▶ PROBLEM DESCRIPTION:
Please return the lines of the data that contain "operations".

═════ DATA RECORDS ═════

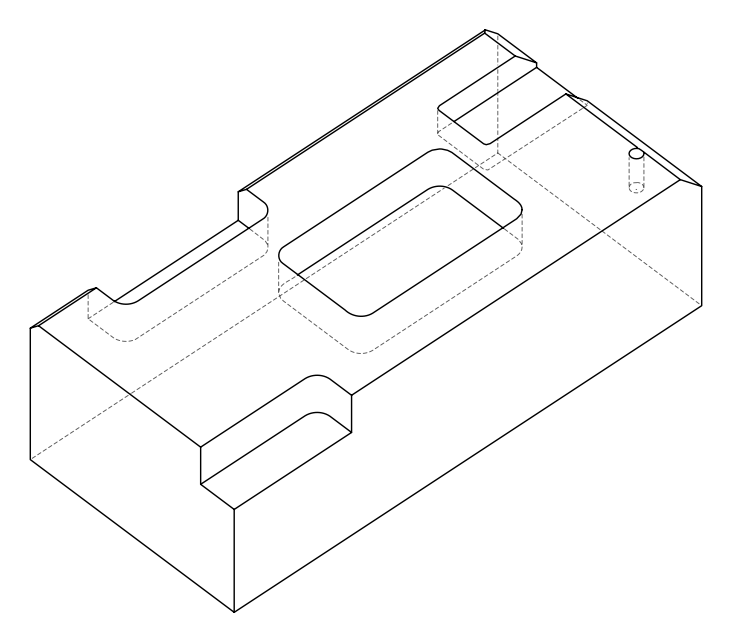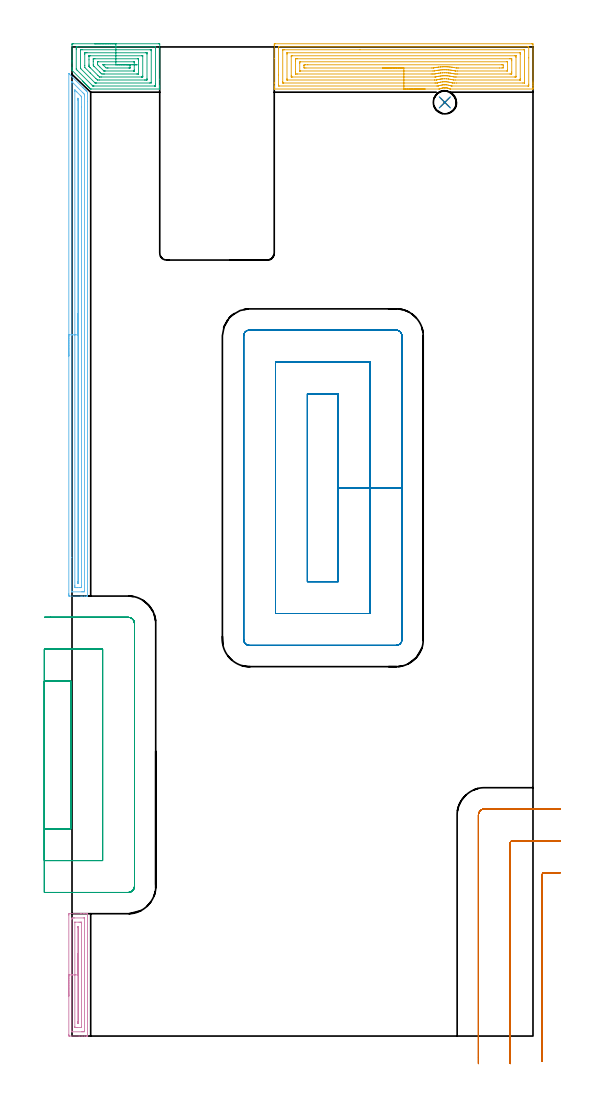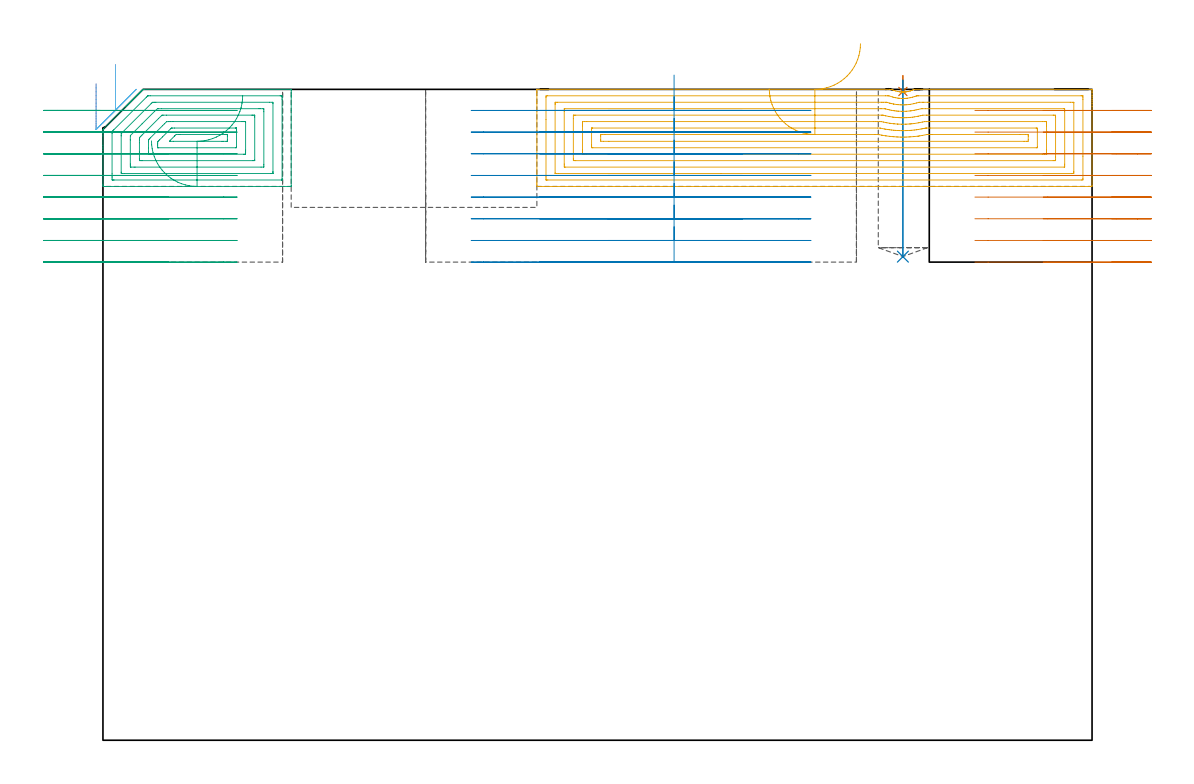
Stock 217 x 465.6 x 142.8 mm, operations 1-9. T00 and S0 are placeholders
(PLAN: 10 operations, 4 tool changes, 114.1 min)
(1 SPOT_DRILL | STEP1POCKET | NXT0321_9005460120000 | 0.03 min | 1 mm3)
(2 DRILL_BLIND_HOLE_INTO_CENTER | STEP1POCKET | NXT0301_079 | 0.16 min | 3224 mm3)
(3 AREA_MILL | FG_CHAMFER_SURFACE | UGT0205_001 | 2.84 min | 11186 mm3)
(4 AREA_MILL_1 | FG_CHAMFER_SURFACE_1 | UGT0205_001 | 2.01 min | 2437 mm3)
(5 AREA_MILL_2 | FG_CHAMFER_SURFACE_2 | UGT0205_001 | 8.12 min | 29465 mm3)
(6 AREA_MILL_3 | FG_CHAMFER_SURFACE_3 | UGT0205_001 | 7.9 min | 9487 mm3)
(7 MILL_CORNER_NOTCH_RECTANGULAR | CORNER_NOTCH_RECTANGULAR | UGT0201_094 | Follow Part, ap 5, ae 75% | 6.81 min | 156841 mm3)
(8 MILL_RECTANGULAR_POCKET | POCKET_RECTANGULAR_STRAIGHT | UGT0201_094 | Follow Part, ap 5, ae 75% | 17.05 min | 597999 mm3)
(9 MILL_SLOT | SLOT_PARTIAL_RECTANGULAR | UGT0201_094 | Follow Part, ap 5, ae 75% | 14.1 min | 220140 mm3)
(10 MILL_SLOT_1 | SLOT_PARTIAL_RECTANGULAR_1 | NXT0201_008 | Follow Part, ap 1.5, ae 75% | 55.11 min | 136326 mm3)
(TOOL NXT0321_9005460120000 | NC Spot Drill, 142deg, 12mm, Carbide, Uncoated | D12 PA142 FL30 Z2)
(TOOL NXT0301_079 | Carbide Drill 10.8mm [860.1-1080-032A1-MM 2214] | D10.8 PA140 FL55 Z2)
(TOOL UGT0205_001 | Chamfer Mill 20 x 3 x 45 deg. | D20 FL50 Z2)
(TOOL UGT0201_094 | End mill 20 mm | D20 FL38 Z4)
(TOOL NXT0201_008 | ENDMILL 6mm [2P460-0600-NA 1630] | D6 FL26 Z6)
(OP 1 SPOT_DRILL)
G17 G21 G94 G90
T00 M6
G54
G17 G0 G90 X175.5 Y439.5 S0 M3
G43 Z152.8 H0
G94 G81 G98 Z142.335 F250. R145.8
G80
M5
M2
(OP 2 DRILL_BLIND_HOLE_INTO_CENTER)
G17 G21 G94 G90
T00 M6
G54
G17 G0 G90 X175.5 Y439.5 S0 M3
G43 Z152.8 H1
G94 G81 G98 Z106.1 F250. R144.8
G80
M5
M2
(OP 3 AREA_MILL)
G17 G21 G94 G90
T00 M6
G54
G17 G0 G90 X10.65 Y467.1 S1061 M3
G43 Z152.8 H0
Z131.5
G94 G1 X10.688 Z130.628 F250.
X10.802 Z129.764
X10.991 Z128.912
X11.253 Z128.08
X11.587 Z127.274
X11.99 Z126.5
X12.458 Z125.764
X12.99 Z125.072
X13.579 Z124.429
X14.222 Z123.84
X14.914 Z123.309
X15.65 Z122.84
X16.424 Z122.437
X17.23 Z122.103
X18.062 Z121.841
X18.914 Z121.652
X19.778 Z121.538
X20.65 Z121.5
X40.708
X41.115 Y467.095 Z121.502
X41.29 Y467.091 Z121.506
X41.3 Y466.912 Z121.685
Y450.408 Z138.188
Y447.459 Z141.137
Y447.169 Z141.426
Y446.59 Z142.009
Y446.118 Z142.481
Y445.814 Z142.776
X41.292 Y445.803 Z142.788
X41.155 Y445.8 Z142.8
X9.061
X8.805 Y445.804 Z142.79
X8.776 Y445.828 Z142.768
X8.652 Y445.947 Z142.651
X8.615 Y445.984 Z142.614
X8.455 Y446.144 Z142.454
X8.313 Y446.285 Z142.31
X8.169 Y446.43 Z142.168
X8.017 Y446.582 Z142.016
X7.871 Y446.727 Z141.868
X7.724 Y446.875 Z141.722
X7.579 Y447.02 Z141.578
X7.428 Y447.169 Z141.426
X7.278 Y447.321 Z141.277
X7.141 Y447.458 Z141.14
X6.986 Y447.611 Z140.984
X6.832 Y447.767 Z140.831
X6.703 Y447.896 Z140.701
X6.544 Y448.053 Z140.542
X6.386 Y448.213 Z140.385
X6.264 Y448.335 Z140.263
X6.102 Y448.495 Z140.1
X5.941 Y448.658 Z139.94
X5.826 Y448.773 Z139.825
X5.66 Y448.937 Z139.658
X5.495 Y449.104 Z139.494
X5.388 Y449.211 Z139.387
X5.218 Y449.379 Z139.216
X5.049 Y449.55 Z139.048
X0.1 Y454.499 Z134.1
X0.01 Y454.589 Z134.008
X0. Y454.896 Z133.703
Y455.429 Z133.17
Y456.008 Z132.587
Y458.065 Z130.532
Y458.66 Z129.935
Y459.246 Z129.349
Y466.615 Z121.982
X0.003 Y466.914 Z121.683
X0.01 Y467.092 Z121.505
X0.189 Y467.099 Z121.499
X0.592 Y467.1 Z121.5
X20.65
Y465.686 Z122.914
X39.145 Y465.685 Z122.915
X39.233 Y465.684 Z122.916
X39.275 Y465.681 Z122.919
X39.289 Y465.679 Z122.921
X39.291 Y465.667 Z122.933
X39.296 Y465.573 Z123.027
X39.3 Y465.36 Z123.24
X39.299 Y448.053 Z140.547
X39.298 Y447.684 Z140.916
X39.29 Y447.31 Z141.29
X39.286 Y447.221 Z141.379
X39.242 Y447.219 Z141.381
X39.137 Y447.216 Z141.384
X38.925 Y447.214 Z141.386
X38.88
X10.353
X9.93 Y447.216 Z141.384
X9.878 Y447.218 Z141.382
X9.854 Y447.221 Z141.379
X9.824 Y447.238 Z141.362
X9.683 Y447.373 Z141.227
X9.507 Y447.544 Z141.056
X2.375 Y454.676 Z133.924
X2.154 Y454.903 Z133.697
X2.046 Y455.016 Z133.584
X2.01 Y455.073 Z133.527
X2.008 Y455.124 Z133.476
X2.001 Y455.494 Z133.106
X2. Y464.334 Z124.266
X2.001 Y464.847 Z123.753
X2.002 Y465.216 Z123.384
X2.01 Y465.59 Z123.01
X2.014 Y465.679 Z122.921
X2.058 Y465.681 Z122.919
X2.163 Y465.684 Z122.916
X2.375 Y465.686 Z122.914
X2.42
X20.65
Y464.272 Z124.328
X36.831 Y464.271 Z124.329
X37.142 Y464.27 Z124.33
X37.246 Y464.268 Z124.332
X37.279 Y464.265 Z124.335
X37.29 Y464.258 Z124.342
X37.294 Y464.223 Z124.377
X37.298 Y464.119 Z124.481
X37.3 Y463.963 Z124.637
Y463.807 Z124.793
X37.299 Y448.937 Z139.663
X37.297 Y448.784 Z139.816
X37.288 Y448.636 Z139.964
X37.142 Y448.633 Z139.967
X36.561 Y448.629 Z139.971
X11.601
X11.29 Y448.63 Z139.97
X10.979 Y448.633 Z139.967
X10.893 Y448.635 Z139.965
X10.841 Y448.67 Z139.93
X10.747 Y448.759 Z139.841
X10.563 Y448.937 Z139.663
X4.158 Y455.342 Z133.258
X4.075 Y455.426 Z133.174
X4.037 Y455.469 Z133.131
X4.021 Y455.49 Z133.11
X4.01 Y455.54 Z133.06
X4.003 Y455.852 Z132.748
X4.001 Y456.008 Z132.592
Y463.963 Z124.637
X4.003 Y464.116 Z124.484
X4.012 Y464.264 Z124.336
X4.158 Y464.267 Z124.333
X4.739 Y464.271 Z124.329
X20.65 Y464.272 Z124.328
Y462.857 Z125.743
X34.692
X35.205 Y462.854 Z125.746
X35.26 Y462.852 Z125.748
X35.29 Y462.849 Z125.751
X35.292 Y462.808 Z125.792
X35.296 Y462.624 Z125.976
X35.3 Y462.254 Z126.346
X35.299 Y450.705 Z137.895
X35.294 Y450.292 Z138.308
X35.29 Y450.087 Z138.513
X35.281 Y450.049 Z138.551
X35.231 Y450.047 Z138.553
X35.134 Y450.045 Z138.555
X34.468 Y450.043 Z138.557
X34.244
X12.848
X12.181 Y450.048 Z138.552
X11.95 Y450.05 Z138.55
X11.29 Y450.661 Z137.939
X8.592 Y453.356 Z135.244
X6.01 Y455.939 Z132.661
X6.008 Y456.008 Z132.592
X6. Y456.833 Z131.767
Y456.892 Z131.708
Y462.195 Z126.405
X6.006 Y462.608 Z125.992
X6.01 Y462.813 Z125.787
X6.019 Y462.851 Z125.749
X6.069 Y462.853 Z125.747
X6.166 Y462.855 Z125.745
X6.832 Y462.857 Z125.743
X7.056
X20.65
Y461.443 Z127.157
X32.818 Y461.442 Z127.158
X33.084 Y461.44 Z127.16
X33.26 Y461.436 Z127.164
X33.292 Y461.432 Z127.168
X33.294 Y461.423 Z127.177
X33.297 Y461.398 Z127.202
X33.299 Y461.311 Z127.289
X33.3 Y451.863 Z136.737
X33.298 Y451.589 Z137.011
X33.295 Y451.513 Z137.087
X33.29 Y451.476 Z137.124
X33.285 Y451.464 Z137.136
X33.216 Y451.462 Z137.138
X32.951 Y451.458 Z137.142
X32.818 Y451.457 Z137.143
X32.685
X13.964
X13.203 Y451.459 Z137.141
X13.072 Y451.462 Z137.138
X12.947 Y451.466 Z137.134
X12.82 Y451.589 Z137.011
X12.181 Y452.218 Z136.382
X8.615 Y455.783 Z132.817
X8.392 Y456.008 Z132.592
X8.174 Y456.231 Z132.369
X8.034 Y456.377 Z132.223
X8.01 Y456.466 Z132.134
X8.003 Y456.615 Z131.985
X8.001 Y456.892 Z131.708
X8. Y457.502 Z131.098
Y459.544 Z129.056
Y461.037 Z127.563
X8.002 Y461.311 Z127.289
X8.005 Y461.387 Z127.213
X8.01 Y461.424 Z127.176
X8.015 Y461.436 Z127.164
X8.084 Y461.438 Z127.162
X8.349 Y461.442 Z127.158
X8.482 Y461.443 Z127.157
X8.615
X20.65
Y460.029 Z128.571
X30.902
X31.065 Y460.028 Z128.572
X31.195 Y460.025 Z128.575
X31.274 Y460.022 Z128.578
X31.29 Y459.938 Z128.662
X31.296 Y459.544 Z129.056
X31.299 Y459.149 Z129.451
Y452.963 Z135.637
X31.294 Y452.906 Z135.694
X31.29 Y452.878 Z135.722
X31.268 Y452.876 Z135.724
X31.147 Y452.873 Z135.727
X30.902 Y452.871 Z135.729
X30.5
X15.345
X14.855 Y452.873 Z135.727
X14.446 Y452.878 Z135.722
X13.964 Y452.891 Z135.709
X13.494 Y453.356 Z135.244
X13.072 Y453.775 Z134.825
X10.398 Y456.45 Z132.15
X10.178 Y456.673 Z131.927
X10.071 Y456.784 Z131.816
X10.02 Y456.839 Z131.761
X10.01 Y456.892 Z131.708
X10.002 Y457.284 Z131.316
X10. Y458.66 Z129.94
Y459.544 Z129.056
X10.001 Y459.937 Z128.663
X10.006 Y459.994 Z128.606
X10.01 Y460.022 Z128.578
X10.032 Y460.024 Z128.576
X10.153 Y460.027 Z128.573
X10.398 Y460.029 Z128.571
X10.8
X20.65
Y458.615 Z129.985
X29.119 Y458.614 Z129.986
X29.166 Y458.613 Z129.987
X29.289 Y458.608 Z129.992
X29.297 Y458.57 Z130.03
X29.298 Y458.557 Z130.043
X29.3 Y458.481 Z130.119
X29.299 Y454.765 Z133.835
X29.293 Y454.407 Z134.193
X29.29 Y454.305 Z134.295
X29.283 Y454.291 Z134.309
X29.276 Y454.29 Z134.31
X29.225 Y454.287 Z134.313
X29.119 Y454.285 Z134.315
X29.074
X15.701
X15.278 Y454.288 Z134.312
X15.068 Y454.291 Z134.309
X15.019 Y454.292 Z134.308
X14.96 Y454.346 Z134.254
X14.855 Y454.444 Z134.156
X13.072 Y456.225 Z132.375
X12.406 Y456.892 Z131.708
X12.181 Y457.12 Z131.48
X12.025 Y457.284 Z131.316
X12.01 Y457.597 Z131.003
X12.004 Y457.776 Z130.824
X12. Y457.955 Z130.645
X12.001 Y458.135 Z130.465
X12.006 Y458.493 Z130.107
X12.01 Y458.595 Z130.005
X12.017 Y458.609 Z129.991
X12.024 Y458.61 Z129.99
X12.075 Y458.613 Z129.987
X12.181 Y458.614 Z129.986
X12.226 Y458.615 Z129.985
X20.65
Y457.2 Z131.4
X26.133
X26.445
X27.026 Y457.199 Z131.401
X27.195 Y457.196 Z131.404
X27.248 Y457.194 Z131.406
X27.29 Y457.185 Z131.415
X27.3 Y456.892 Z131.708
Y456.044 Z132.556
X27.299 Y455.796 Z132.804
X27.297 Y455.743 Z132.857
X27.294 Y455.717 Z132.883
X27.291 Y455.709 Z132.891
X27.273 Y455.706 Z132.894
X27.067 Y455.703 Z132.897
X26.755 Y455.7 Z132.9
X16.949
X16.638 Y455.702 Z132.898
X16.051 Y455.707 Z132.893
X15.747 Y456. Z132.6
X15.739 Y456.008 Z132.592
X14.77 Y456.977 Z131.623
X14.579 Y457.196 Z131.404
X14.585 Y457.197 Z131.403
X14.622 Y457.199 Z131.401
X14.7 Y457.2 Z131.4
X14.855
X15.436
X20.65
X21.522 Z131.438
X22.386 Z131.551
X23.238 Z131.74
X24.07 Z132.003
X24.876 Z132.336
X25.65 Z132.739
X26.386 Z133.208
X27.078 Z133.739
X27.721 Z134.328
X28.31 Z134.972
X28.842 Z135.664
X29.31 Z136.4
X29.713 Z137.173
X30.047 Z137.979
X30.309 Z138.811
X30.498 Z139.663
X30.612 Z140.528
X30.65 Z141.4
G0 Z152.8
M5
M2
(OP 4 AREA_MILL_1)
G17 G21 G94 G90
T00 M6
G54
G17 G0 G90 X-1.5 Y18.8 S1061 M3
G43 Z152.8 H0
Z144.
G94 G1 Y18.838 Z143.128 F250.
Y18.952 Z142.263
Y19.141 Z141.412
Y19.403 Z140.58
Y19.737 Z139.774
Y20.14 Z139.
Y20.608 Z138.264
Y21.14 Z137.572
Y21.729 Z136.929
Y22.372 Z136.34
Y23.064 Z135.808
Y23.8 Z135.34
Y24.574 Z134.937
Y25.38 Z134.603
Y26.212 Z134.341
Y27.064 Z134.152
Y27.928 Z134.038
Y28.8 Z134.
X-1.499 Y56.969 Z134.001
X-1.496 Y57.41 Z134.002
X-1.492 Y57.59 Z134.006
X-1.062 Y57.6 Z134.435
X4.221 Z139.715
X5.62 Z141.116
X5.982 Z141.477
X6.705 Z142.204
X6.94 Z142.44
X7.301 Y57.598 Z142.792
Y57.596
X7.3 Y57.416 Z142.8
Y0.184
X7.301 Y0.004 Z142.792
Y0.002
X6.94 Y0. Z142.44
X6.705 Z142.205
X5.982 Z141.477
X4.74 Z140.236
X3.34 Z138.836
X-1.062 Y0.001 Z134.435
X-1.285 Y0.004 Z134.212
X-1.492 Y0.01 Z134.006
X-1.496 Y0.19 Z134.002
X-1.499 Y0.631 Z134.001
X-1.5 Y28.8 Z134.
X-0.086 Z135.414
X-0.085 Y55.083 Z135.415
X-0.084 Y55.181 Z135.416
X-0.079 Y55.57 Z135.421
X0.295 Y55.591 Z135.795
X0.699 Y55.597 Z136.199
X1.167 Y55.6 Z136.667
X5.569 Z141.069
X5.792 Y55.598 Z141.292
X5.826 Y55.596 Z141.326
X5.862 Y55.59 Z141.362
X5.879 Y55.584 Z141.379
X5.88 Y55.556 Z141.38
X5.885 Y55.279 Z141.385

═════

▶ OUTPUT BELOW:
Stock 217 x 465.6 x 142.8 mm, operations 1-9. T00 and S0 are placeholders
(PLAN: 10 operations, 4 tool changes, 114.1 min)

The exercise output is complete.